__How to complete this task__.
For the records below, print the lines from the line with "from ezdxf.enums import" through the line with "doc.styles.add('Dartop', font='')" exactly as written; include both end lines and exclude the rest.
::: Material shown :::
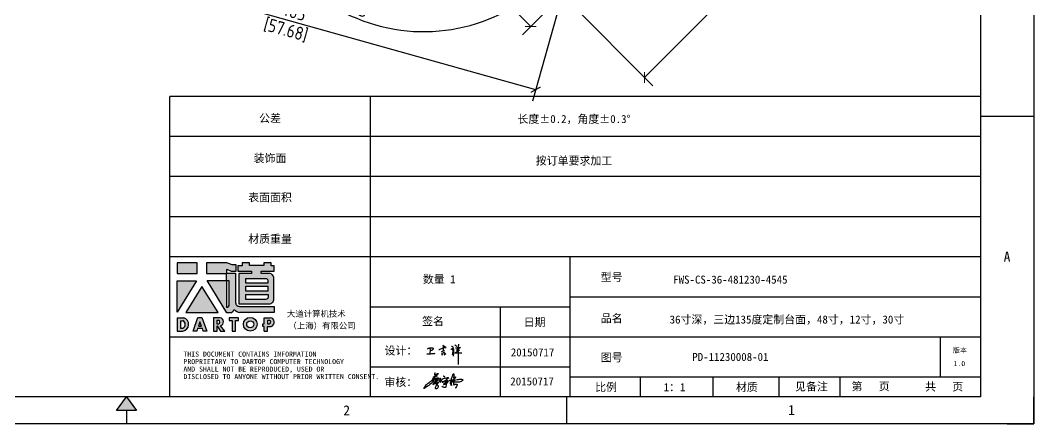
# Model space of a CAD drawing. Header units: inches. Extents: x 777 to 31414, y -60867 to 2393.
# Drawn here: x 18401 to 21294, y -40610 to -39460 of the extents above; entities that cross this region are included whole.
import ezdxf
from ezdxf.enums import TextEntityAlignment as Align

# ---------------------------------------------------------------- set-up
doc = ezdxf.new("R2010")
doc.units = ezdxf.units.IN
doc.header["$LTSCALE"] = 0.605
doc.header["$MEASUREMENT"] = 0
doc.header["$PDMODE"] = 3
doc.header["$PDSIZE"] = 0.25
doc.linetypes.add('DOT', pattern=[0.2, 0.1, -0.1])
doc.layers.get('0').update_dxf_attribs({"linetype": 'CONTINUOUS'})
doc.layers.get('Defpoints').update_dxf_attribs({"linetype": 'CONTINUOUS'})
doc.layers.add('4', color=7, linetype='CONTINUOUS')
doc.layers.add('print', color=30, linetype='CONTINUOUS')
doc.layers.add('dim', color=2, linetype='CONTINUOUS', lineweight=9)
doc.styles.add('Dartop', font='')
doc.styles.add('Dartop Text Style', font='gbenor.shx', dxfattribs={"bigfont": 'gbcbig.shx'})
doc.styles.add('hzHT', font='simhei.ttf')
doc.styles.get('Dartop').set_extended_font_data('FangSong_GB2312')
doc.dimstyles.new('Dartop DIM Style', dxfattribs={"dimscale": 15, "dimtxt": 2.5, "dimasz": 1.5, "dimexe": 2.25, "dimexo": 2, "dimtad": 1, "dimdec": 0, "dimdsep": 46, "dimtxsty": 'Dartop Text Style', "dimblk": 'ARCHTICK', "dimcen": 0.09, "dimazin": 2, "dimtfac": 1, "dimtdec": 0, "dimtofl": 0, "dimtmove": 0, "dimatfit": 3, "dimfxl": 0, "dimtolj": 1, "dimtzin": 0, "dimarcsym": 0})

# ---------------------------------------------------------------- blocks, each defined once
blk = doc.blocks.new('*U5')
at = {"color": 254, "linetype": 'Continuous', "extrusion": (0, 0, -1)}
for points in [[(-17, 0.333), (-16.812, 0.25), (-17, 0.5)], [(-17, 0.333), (-17, 0.5), (-17.188, 0.25)], [(-17, 0.333), (-17.188, 0.25), (-16.812, 0.25)]]:
    blk.add_solid(points, dxfattribs=at)
blk = doc.blocks.new('dadao')
for p, q in [((48, 19.2), (44.9, 10.4)), ((44.9, 10.4), (51.2, 10.4)), ((51.2, 10.4), (48, 19.2))]:
    blk.add_line(p, q)
for points in [[(41.8, 121.6), (41.8, 143.7), (-0.4, 143.7), (-0.4, 121.6), (41.8, 121.6)], [(104.8, 122), (104.8, 130.3), (114.1, 126.3), (124.2, 126.3), (124.2, 139.6), (115.9, 139.6), (105.1, 143.9), (61.5, 143.9)], [(61.7, 144), (61.7, 121.3), (103.9, 121.3)], [(113.4, 38.7), (105.1, 38.7), (63, 106.5), (103.9, 106.5), (103.9, 120.9), (103.9, 121.3)], [(109.7, 53.6), (109.7, 106.2), (104.3, 106.2), (104.3, 50.4), (106.6, 50.4)], [(144.6, 94.4), (144.6, 84.8), (192, 84.8), (192, 94.1), (144.9, 94.1)], [(120.2, 45), (119.5, 45), (119.5, 44.6)], [(0, 28), (0, 0), (11.8, 0)], [(0.1, 28), (14, 28)], [(7.1, 21.8), (7.1, 6.1), (12, 6.1)], [(7.1, 21.8), (11.4, 21.8)], [(76.8, 28.2), (76.8, 0), (84.1, 0), (84.1, 11.1), (91.6, -0.1), (100.3, -0.1), (91.7, 11.1)], [(76.8, 28.2), (90.6, 28.2)], [(84, 22.7), (84, 15.3), (87.2, 15.3)], [(84, 22.7), (87.3, 22.7)], [(183.7, 0), (183.7, 9.6), (180.6, 9.6), (180.6, 14.9), (183.8, 14.9), (183.8, 28.1), (196.1, 28.1), (196.5, 28.1)], [(194.9, 22.3), (190.8, 22.3), (190.8, 15), (194.4, 15)], [(183.7, 0), (190.9, 0), (190.9, 9.6), (198.8, 9.6)]]:
    blk.add_lwpolyline(points)
blk.add_lwpolyline([(137.1, 144.2), (137.1, 137.9), (128.3, 137.9), (128.3, 126.5), (157.3, 126.5), (157.3, 121.5), (130.3, 121.5), (130.3, 57.5), (194.4, 57.5, 0.414214), (204.4, 67.5), (204.4, 111.3, 0.414214), (194.4, 121.3), (177.5, 121.3), (177.5, 126.3), (204.7, 126.3), (204.7, 137.7), (198.2, 137.7), (198.2, 143.9), (183.3, 143.9), (183.3, 138), (153, 138), (153, 144.2), (137.1, 144.2)], format="xyb", close=True)
for points in [[(104.8, 122), (123.4, 122), (123.4, 60, 0.414214), (131.4, 52), (204.8, 52), (204.8, 39.1), (131.7, 39.1)], [(144.3, 110.8), (144.3, 101.8), (192.3, 101.8), (192.3, 105.5, 0.414214), (187.3, 110.5), (144.3, 110.5)], [(144.6, 77), (144.6, 67.5), (187.6, 67.5, 0.414214), (192.6, 72.5), (192.6, 76.4), (144.6, 76.4)]]:
    blk.add_lwpolyline(points, format="xyb")
for points in [[(-0.3, 106.2), (40.4, 106.2), (-0.3, 39.7), (-0.3, 106.2)], [(51.7, 94.1), (18.4, 39.3), (86.2, 39.3)], [(43.8, 28.2), (51.8, 28.2), (62.6, -0.1), (55, -0.1), (53.2, 5), (42.9, 5), (41.1, 0), (33.6, 0)], [(110, 28.1), (110, 21.9), (116, 21.9), (116, -0.1), (123.2, -0.1), (123.2, 22), (129.2, 22), (129.2, 28.1), (110, 28.1)]]:
    blk.add_lwpolyline(points, close=True)
for radius in [14.5, 7.44]:
    blk.add_circle((154.2, 14.2), radius)
for centre, radius, start, end in [((99.2, 60.7), 12.6, 305.6399, 325.969), ((111.6, 46.7), 8.19, 282.9811, 347.6627), ((136, 61.7), 22.9, 226.7358, 259.3209), ((8.5, 13.9), 8.49, 294.2143, 69.7177), ((9.6, 14.2), 14.4, 278.6604, 72.3203), ((86.4, 19), 3.8, 282.527, 76.7196), ((88.6, 19.4), 8.95, 290.6073, 77.2124), ((193.7, 18.7), 3.8, 280.9891, 72.5513), ((195.7, 18.6), 9.51, 288.8959, 85.2442)]:
    blk.add_arc(centre, radius, start, end)
blk = doc.blocks.new('h')
for p, q in [((20768.1, -2360.9), (20773, -2359.1)), ((20769.5, -2366.9), (20769.8, -2370.6)), ((20772.4, -2369.3), (20774.9, -2367.8)), ((20773, -2359.1), (20784.1, -2355.2)), ((20773.3, -2331.8), (20775.3, -2338.7)), ((20789.1, -2340.9), (20773.5, -2331.9)), ((20775.3, -2338.7), (20775.6, -2351.2)), ((20775.6, -2351.2), (20775.5, -2357.3)), ((20782.2, -2369.2), (20780, -2377.1)), ((20780.1, -2366.4), (20780.8, -2366.4)), ((20781.9, -2367.4), (20782.2, -2369.2)), ((20845.7, -2343.5), (20848.4, -2353)), ((20848.4, -2353), (20848.9, -2370.3)), ((20769.8, -2370.6), (20770.9, -2378)), ((20770.9, -2378), (20771.5, -2370.6)), ((20780, -2377.1), (20788.3, -2371.3)), ((20848.9, -2370.3), (20847.9, -2424))]:
    blk.add_line(p, q)
for points in [[(20696.6, -2372.4, 0.002073), (20710.6, -2371.9, 0.016137), (20719.6, -2371.3, 0.008314), (20736.9, -2369.3)], [(20699.1, -2348.2, -0.029745), (20704.6, -2345.4, -0.046842), (20708.4, -2344.2, -0.00919), (20714.3, -2343, -0.018517), (20717.2, -2342.5, -0.037841), (20720.3, -2342.4, -0.039541), (20723.2, -2342.8, -0.149785), (20726, -2344.3, -0.204935), (20726.9, -2346.6, -0.074872), (20726.5, -2348.3, -0.061615), (20725.6, -2350.3, -0.034204), (20723.8, -2352.6, -0.045776), (20722.3, -2354.1, -0.054985), (20720.4, -2355.3, -0.036348), (20717.3, -2356.5, -0.067752), (20715.7, -2356.8, -0.043553), (20713.2, -2356.7)], [(20755, -2351.9, -0.024077), (20759.9, -2350.1, -0.013147), (20768.7, -2346.5, -0.00522), (20775.4, -2344.1, -0.018517), (20777.3, -2343.4, -0.008274), (20786.3, -2341, -0.039541), (20788.3, -2340.8, -0.079216), (20789.4, -2341, -0.204935)], [(20813.5, -2350.1, 0.007348), (20815.9, -2348.7, 0.008421), (20818, -2347.3, 0.009459), (20819.7, -2346.2, -0.016325), (20820.7, -2345.5, -0.173771), (20821.8, -2345.3, -0.085159), (20823.9, -2346, -0.125883), (20826, -2347.9, -0.160659), (20826.6, -2350.1, -0.010447), (20826.5, -2352.3, -0.008247), (20826.2, -2355.1, -0.002698), (20825.3, -2374, 0.001562), (20823.9, -2383.7, 0.016137)], [(20816.8, -2335, -0.053561), (20819.6, -2336.1, -0.075272), (20821.3, -2337.3, -0.005295), (20822.5, -2338.5, -0.009337), (20823.1, -2339.1, -0.026146), (20823.7, -2339.8, -0.016644), (20824.5, -2340.9)], [(20832.1, -2329.2, -0.053561), (20834.9, -2330.3, -0.075272), (20836.7, -2331.5, -0.005295), (20837.8, -2332.6, -0.009337), (20838.5, -2333.3, -0.026146), (20839, -2334, -0.016644), (20839.8, -2335.1)], [(20836, -2343.7, -0.02797), (20842.1, -2342.6, -0.048868), (20845.6, -2342.2, -0.00919), (20851.1, -2341.4, -0.018517), (20853.9, -2341.1, -0.037841), (20856.7, -2341.2, -0.039541), (20859.4, -2341.6, -0.018282), (20840.6, -2354.7, -0.000937)], [(20847.6, -2340.2, 0.021784), (20849.6, -2335.9, 0.028296), (20850.8, -2332.4, 0.008136), (20851.9, -2328.2, 0.028913), (20852.2, -2327, 0.08193), (20852.1, -2325.9, 0.075058), (20851.7, -2324.7, 0.275043)]]:
    blk.add_lwpolyline(points, format="xyb")
for points in [[(20711.3, -2343.5), (20711.3, -2343.5), (20711.5, -2355.8), (20710.7, -2368), (20710.6, -2371.9)], [(20821.5, -2350.6), (20822.4, -2359.2), (20822.2, -2364.9), (20821.7, -2369), (20821.3, -2376.3), (20823.6, -2368.5), (20827.2, -2366.3), (20829.5, -2366.3)], [(20840.6, -2354.7), (20850, -2354.7), (20855, -2354.3), (20845.9, -2361.1), (20840.5, -2364), (20833, -2367.5), (20863.2, -2367.4), (20865.9, -2367.3)]]:
    blk.add_lwpolyline(points)
for centre, radius, start, end in [((20773.7, -2371.2), 2.3, 121.9907, 163.6016), ((20787.5, -2406), 40.3, 100.6183, 108.2482), ((20780.8, -2367.6), 1.15, 9.4675, 90)]:
    blk.add_arc(centre, radius, start, end)
blk = doc.blocks.new('CAIYUQIANG')
for p, q in [((27662.9, -25048.8), (27669.7, -25045.8)), ((27667.4, -25044.9), (27665.3, -25046.6)), ((27675.7, -25037.4), (27665.9, -25043)), ((27665.9, -25043), (27677.3, -25038.1)), ((27670.6, -25042.2), (27667.4, -25044.9)), ((27670.4, -25028.6), (27669.5, -25034.5)), ((27669.5, -25034.5), (27670.5, -25036.5)), ((27669.7, -25045.8), (27671.3, -25045.2)), ((27670.5, -25036.5), (27674.7, -25033.4)), ((27677.3, -25038.1), (27670.6, -25042.2)), ((27671.3, -25045.2), (27672.1, -25045.7)), ((27672.1, -25046.2), (27671.5, -25047.3)), ((27672.1, -25045.7), (27672.1, -25046.2)), ((27673.6, -25046.3), (27677.4, -25044.5)), ((27674.7, -25033.4), (27678, -25031.9)), ((27679.9, -25033), (27675.7, -25037.4)), ((27677.4, -25044.5), (27680, -25043.8)), ((27678, -25031.9), (27679.7, -25031.6)), ((27680.6, -25045.9), (27679.1, -25047.4)), ((27679.7, -25031.6), (27680.1, -25032.2)), ((27680.1, -25032.2), (27679.9, -25033)), ((27680, -25043.8), (27681.2, -25043.8)), ((27681.2, -25044.7), (27680.6, -25045.9)), ((27681.2, -25043.8), (27681.2, -25044.7)), ((27686.1, -25046.8), (27686.2, -25045.4)), ((27686.2, -25045.4), (27686.3, -25045)), ((27686.3, -25045), (27686.6, -25045)), ((27686.6, -25045), (27686.7, -25045.1)), ((27686.7, -25045.1), (27686.9, -25049.2)), ((27694.7, -25046.4), (27695.8, -25045.9)), ((27695.8, -25045.9), (27698.2, -25045)), ((27698.2, -25045), (27699.9, -25044.7)), ((27699.9, -25044.7), (27702.8, -25044)), ((27702.8, -25044), (27704.8, -25043.7)), ((27704.8, -25043.7), (27707, -25043.4)), ((27708, -25045.9), (27705.3, -25048.2)), ((27707, -25043.4), (27708, -25043.4)), ((27708, -25043.4), (27709, -25043.5)), ((27710.1, -25044), (27708, -25045.9)), ((27709, -25043.5), (27709.7, -25043.8)), ((27709.7, -25043.8), (27710.1, -25044)), ((27717.7, -25050), (27718.5, -25046)), ((27718.5, -25046), (27720.2, -25040.9)), ((27720.2, -25040.9), (27720.7, -25039.5)), ((27720.7, -25039.5), (27721.2, -25038)), ((27721.2, -25038), (27721.6, -25036.6)), ((27721.6, -25036.6), (27722.4, -25034.9)), ((27722.4, -25034.9), (27723.3, -25033.3)), ((27723.3, -25033.3), (27723.8, -25032.7)), ((27723.8, -25032.7), (27724.4, -25032.7)), ((27724.2, -25041.9), (27724, -25042.9)), ((27724, -25042.9), (27724, -25043.8)), ((27724, -25043.8), (27724.5, -25044.5)), ((27724.7, -25038.7), (27724.2, -25041.9)), ((27724.4, -25032.7), (27724.8, -25033.4)), ((27724.5, -25044.5), (27724.9, -25044.1)), ((27724.9, -25037.3), (27724.7, -25038.7)), ((27724.8, -25033.4), (27725.1, -25034.5)), ((27725.1, -25035.4), (27724.9, -25037.3)), ((27724.9, -25044.1), (27726.2, -25043.2)), ((27725.1, -25034.5), (27725.1, -25035.4)), ((27727.7, -25045.8), (27726.1, -25047)), ((27726.2, -25043.2), (27727.3, -25042.5)), ((27727.3, -25042.5), (27728.7, -25041.6)), ((27728.8, -25044.9), (27727.7, -25045.8)), ((27728.7, -25041.6), (27729.4, -25041.6)), ((27729.8, -25043.2), (27728.8, -25044.9)), ((27729.4, -25041.6), (27729.8, -25042.2)), ((27729.8, -25042.2), (27729.8, -25043.2)), ((27639.2, -25074.1), (27639.8, -25072.4)), ((27640.1, -25074.1), (27639.2, -25074.1)), ((27639.8, -25072.4), (27641, -25070.5)), ((27641.8, -25073.4), (27640.1, -25074.1)), ((27641, -25070.5), (27642.4, -25068.7)), ((27643.4, -25072.1), (27641.8, -25073.4)), ((27642.4, -25068.7), (27644.1, -25066.6)), ((27645.7, -25070.6), (27643.4, -25072.1)), ((27644.1, -25066.6), (27646.1, -25064.4)), ((27649.4, -25068), (27645.7, -25070.6)), ((27646.1, -25064.4), (27648.2, -25062.5)), ((27648.2, -25062.5), (27649.9, -25061)), ((27653.3, -25065.6), (27649.4, -25068)), ((27649.9, -25061), (27651.9, -25059.4)), ((27651.9, -25059.4), (27654.7, -25057.2)), ((27656.6, -25063.3), (27653.3, -25065.6)), ((27654.7, -25057.2), (27656.5, -25055.9)), ((27656.5, -25055.9), (27658.3, -25054.6)), ((27659.8, -25060.4), (27656.6, -25063.3)), ((27658.3, -25054.6), (27659.6, -25053.7)), ((27659.6, -25053.7), (27662.2, -25052.1)), ((27660.6, -25059.8), (27659.8, -25060.4)), ((27663.6, -25056.9), (27660.6, -25059.8)), ((27662.2, -25052.1), (27664.9, -25050.5)), ((27663.2, -25048.6), (27662.9, -25048.8)), ((27663.6, -25048.1), (27663.2, -25048.6)), ((27665.3, -25046.6), (27663.6, -25048.1)), ((27666.3, -25053.5), (27663.6, -25056.9)), ((27664.9, -25050.5), (27668.5, -25048.7)), ((27667.5, -25060.4), (27664.9, -25062)), ((27664.9, -25062.9), (27667.7, -25061.6)), ((27664.9, -25062), (27664.9, -25062.9)), ((27668.2, -25051.4), (27666.3, -25053.5)), ((27670.3, -25058.4), (27667.5, -25060.4)), ((27667.7, -25061.6), (27670.5, -25060.2)), ((27670.9, -25048.6), (27668.2, -25051.4)), ((27668.5, -25048.7), (27673.6, -25046.3)), ((27668.6, -25056), (27674.9, -25053.6)), ((27672.1, -25054.2), (27668.6, -25056)), ((27672, -25057.1), (27670.3, -25058.4)), ((27670.5, -25060.2), (27673.3, -25059)), ((27671.5, -25047.3), (27670.9, -25048.6)), ((27671.2, -25051), (27679.4, -25049.8)), ((27674.1, -25050.1), (27671.2, -25051)), ((27672.5, -25060.1), (27671.9, -25060.4)), ((27671.9, -25060.4), (27674.3, -25061.5)), ((27673.8, -25055.8), (27672, -25057.1)), ((27675.9, -25052.3), (27672.1, -25054.2)), ((27673.8, -25059.6), (27672.5, -25060.1)), ((27672.7, -25072.4), (27673.6, -25068.9)), ((27672.7, -25073.7), (27672.7, -25072.4)), ((27672.9, -25074.4), (27672.7, -25073.7)), ((27673.5, -25075.1), (27672.9, -25074.4)), ((27673.3, -25059), (27675.5, -25058)), ((27674.1, -25075.4), (27673.5, -25075.1)), ((27673.6, -25068.9), (27674.3, -25066.8)), ((27676.2, -25054), (27673.8, -25055.8)), ((27675.2, -25059.1), (27673.8, -25059.6)), ((27676.5, -25048.8), (27674.1, -25050.1)), ((27674.3, -25061.5), (27677.2, -25063.7)), ((27674.3, -25066.8), (27675.3, -25065)), ((27674.9, -25053.6), (27676.8, -25053.2)), ((27676.4, -25074.9), (27675, -25075.4)), ((27677.8, -25058), (27675.2, -25059.1)), ((27675.3, -25065), (27676.4, -25063.4)), ((27675.5, -25058), (27677.9, -25056.9)), ((27678.6, -25051.7), (27675.9, -25052.3)), ((27677.2, -25053.4), (27676.2, -25054)), ((27676.4, -25063.4), (27677.5, -25061.9)), ((27677.2, -25074.4), (27676.4, -25074.9)), ((27679.1, -25047.4), (27676.5, -25048.8)), ((27676.8, -25053.2), (27677.2, -25053.4)), ((27677.2, -25063.7), (27678.8, -25065.4)), ((27678.3, -25073.5), (27677.2, -25074.4)), ((27677.5, -25061.9), (27679.6, -25059.6)), ((27679, -25057.7), (27677.8, -25058)), ((27677.9, -25056.9), (27680, -25056.9)), ((27679.1, -25072.5), (27678.3, -25073.5)), ((27683.3, -25050.5), (27678.6, -25051.7)), ((27678.8, -25065.4), (27679.4, -25066.6)), ((27680, -25057.5), (27679, -25057.7)), ((27679.8, -25071), (27679.1, -25072.5)), ((27679.4, -25049.8), (27681.5, -25049.6)), ((27679.4, -25066.6), (27679.9, -25067.9)), ((27679.6, -25059.6), (27680.6, -25058.4)), ((27680, -25070), (27679.8, -25071)), ((27679.9, -25067.9), (27680, -25069)), ((27680, -25056.9), (27680.5, -25057.1)), ((27680.5, -25057.1), (27680, -25057.5)), ((27680, -25069), (27680, -25070)), ((27680.6, -25058.4), (27681.3, -25057.6)), ((27681.3, -25057.6), (27682.9, -25055.7)), ((27681.5, -25049.6), (27682.7, -25049.7)), ((27682.7, -25049.7), (27683.3, -25050.5)), ((27682.9, -25055.7), (27683.9, -25054.7)), ((27683.9, -25054.7), (27684.6, -25054)), ((27684.6, -25054), (27685.6, -25053.1)), ((27685.6, -25053.1), (27686, -25048.7)), ((27686, -25048.7), (27686.1, -25046.8)), ((27686.9, -25049.2), (27686.9, -25051.7)), ((27686.9, -25051.7), (27686.9, -25054.8)), ((27686.9, -25054.8), (27686.9, -25055.8)), ((27686.9, -25055.8), (27687, -25056.5)), ((27687, -25056.5), (27687.2, -25056.9)), ((27687.2, -25056.9), (27687.5, -25056.9)), ((27687.5, -25056.9), (27687.8, -25056.5)), ((27687.8, -25056.5), (27688, -25055.9)), ((27688, -25055.9), (27688.6, -25054.6)), ((27688.6, -25054.6), (27689.1, -25053.3)), ((27689.1, -25053.3), (27689.5, -25052.1)), ((27689.5, -25052.1), (27690.2, -25050.1)), ((27690.2, -25050.1), (27690.5, -25049.4)), ((27690.5, -25049.4), (27691.2, -25048.7)), ((27691, -25067.9), (27690.7, -25067.5)), ((27691.8, -25068.5), (27691, -25067.9)), ((27691.2, -25048.7), (27693.8, -25046.9)), ((27692.9, -25069.4), (27691.8, -25068.5)), ((27692.5, -25055.7), (27691.9, -25055.8)), ((27691.9, -25055.8), (27691.9, -25056.2)), ((27691.9, -25056.2), (27693.4, -25056.2)), ((27693.9, -25055.2), (27692.5, -25055.7)), ((27694, -25070.3), (27692.9, -25069.4)), ((27693.4, -25056.2), (27695.2, -25055.9)), ((27693.8, -25046.9), (27694.7, -25046.4)), ((27697.3, -25053.7), (27693.9, -25055.2)), ((27695.5, -25070.9), (27694, -25070.3)), ((27695.5, -25062.1), (27695, -25062.5)), ((27695, -25062.5), (27695, -25062.8)), ((27695, -25062.8), (27695.4, -25063)), ((27695.2, -25055.9), (27696.4, -25055.5)), ((27695.4, -25063), (27696.6, -25063)), ((27696.5, -25061.2), (27695.5, -25062.1)), ((27697.1, -25071.4), (27695.5, -25070.9)), ((27696.4, -25055.5), (27698.6, -25054.5)), ((27698, -25059.9), (27696.5, -25061.2)), ((27696.6, -25063), (27698.7, -25062.4)), ((27699, -25071.4), (27697.1, -25071.4)), ((27700.1, -25052.2), (27697.3, -25053.7)), ((27700.7, -25057.4), (27698, -25059.9)), ((27698.6, -25054.5), (27700.1, -25053.8)), ((27698.7, -25062.4), (27701.9, -25060.7)), ((27700.5, -25071.4), (27699, -25071.4)), ((27703.1, -25050.1), (27700.1, -25052.2)), ((27700.1, -25053.8), (27701.4, -25053.2)), ((27701.7, -25070.7), (27700.5, -25071.4)), ((27703.2, -25055.4), (27700.7, -25057.4)), ((27701.4, -25053.2), (27703, -25052.5)), ((27702.4, -25068.8), (27701.7, -25070.7)), ((27701.9, -25060.7), (27705, -25058.6)), ((27702.9, -25065), (27702.4, -25068.8)), ((27703, -25063.9), (27702.9, -25065)), ((27703, -25052.5), (27704.6, -25051.8)), ((27703.4, -25059.2), (27703, -25063.9)), ((27705.3, -25048.2), (27703.1, -25050.1)), ((27705.1, -25053.8), (27703.2, -25055.4)), ((27703.5, -25058.1), (27703.4, -25059.2)), ((27703.9, -25057), (27703.5, -25058.1)), ((27704.3, -25056.3), (27703.9, -25057)), ((27704.9, -25055.3), (27704.3, -25056.3)), ((27704.6, -25051.8), (27705.9, -25051.1)), ((27705.1, -25055), (27704.9, -25055.3)), ((27705, -25058.6), (27706.4, -25057.7)), ((27706, -25052.8), (27705.1, -25053.8)), ((27706.3, -25055), (27705.1, -25055)), ((27705.9, -25051.1), (27706.4, -25051.1)), ((27706.6, -25051.6), (27706, -25052.8)), ((27706.8, -25055.3), (27706.3, -25055)), ((27706.4, -25051.1), (27706.6, -25051.6)), ((27706.4, -25057.7), (27707.4, -25057)), ((27707.5, -25055.8), (27706.8, -25055.3)), ((27707.4, -25057), (27707.8, -25056.8)), ((27707.8, -25056.8), (27707.5, -25055.8)), ((27710, -25054.2), (27711.2, -25052.7)), ((27711.2, -25052.7), (27712.6, -25051.4)), ((27712.6, -25051.4), (27713.4, -25050.9)), ((27713.4, -25050.9), (27714.2, -25050.8)), ((27713.7, -25060.6), (27714.5, -25059.1)), ((27714, -25059.3), (27713.7, -25060.1)), ((27713.7, -25060.1), (27713.7, -25060.6)), ((27714.3, -25058.6), (27714, -25059.3)), ((27714.2, -25050.8), (27715, -25050.8)), ((27715, -25056.9), (27714.3, -25058.6)), ((27714.5, -25059.1), (27715.1, -25058.3)), ((27715, -25050.8), (27715.4, -25050.8)), ((27715.5, -25055.4), (27715, -25056.9)), ((27715.1, -25058.3), (27715.6, -25057.9)), ((27715.4, -25050.8), (27715.6, -25051)), ((27715.9, -25053.9), (27715.5, -25055.4)), ((27715.6, -25051), (27715.8, -25051.2)), ((27715.6, -25057.9), (27716.2, -25057.8)), ((27715.8, -25051.2), (27715.9, -25051.2)), ((27715.9, -25051.2), (27716, -25051.4)), ((27716, -25053.3), (27715.9, -25053.9)), ((27716, -25051.4), (27716, -25051.4)), ((27716, -25051.4), (27716, -25051.5)), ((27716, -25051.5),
:::
__Written solution__.
from ezdxf.enums import TextEntityAlignment as Align

# ---------------------------------------------------------------- set-up
doc = ezdxf.new("R2010")
doc.units = ezdxf.units.IN
doc.header["$LTSCALE"] = 0.605
doc.header["$MEASUREMENT"] = 0
doc.header["$PDMODE"] = 3
doc.header["$PDSIZE"] = 0.25
doc.linetypes.add('DOT', pattern=[0.2, 0.1, -0.1])
doc.layers.get('0').update_dxf_attribs({"linetype": 'CONTINUOUS'})
doc.layers.get('Defpoints').update_dxf_attribs({"linetype": 'CONTINUOUS'})
doc.layers.add('4', color=7, linetype='CONTINUOUS')
doc.layers.add('print', color=30, linetype='CONTINUOUS')
doc.layers.add('dim', color=2, linetype='CONTINUOUS', lineweight=9)
doc.styles.add('Dartop', font='')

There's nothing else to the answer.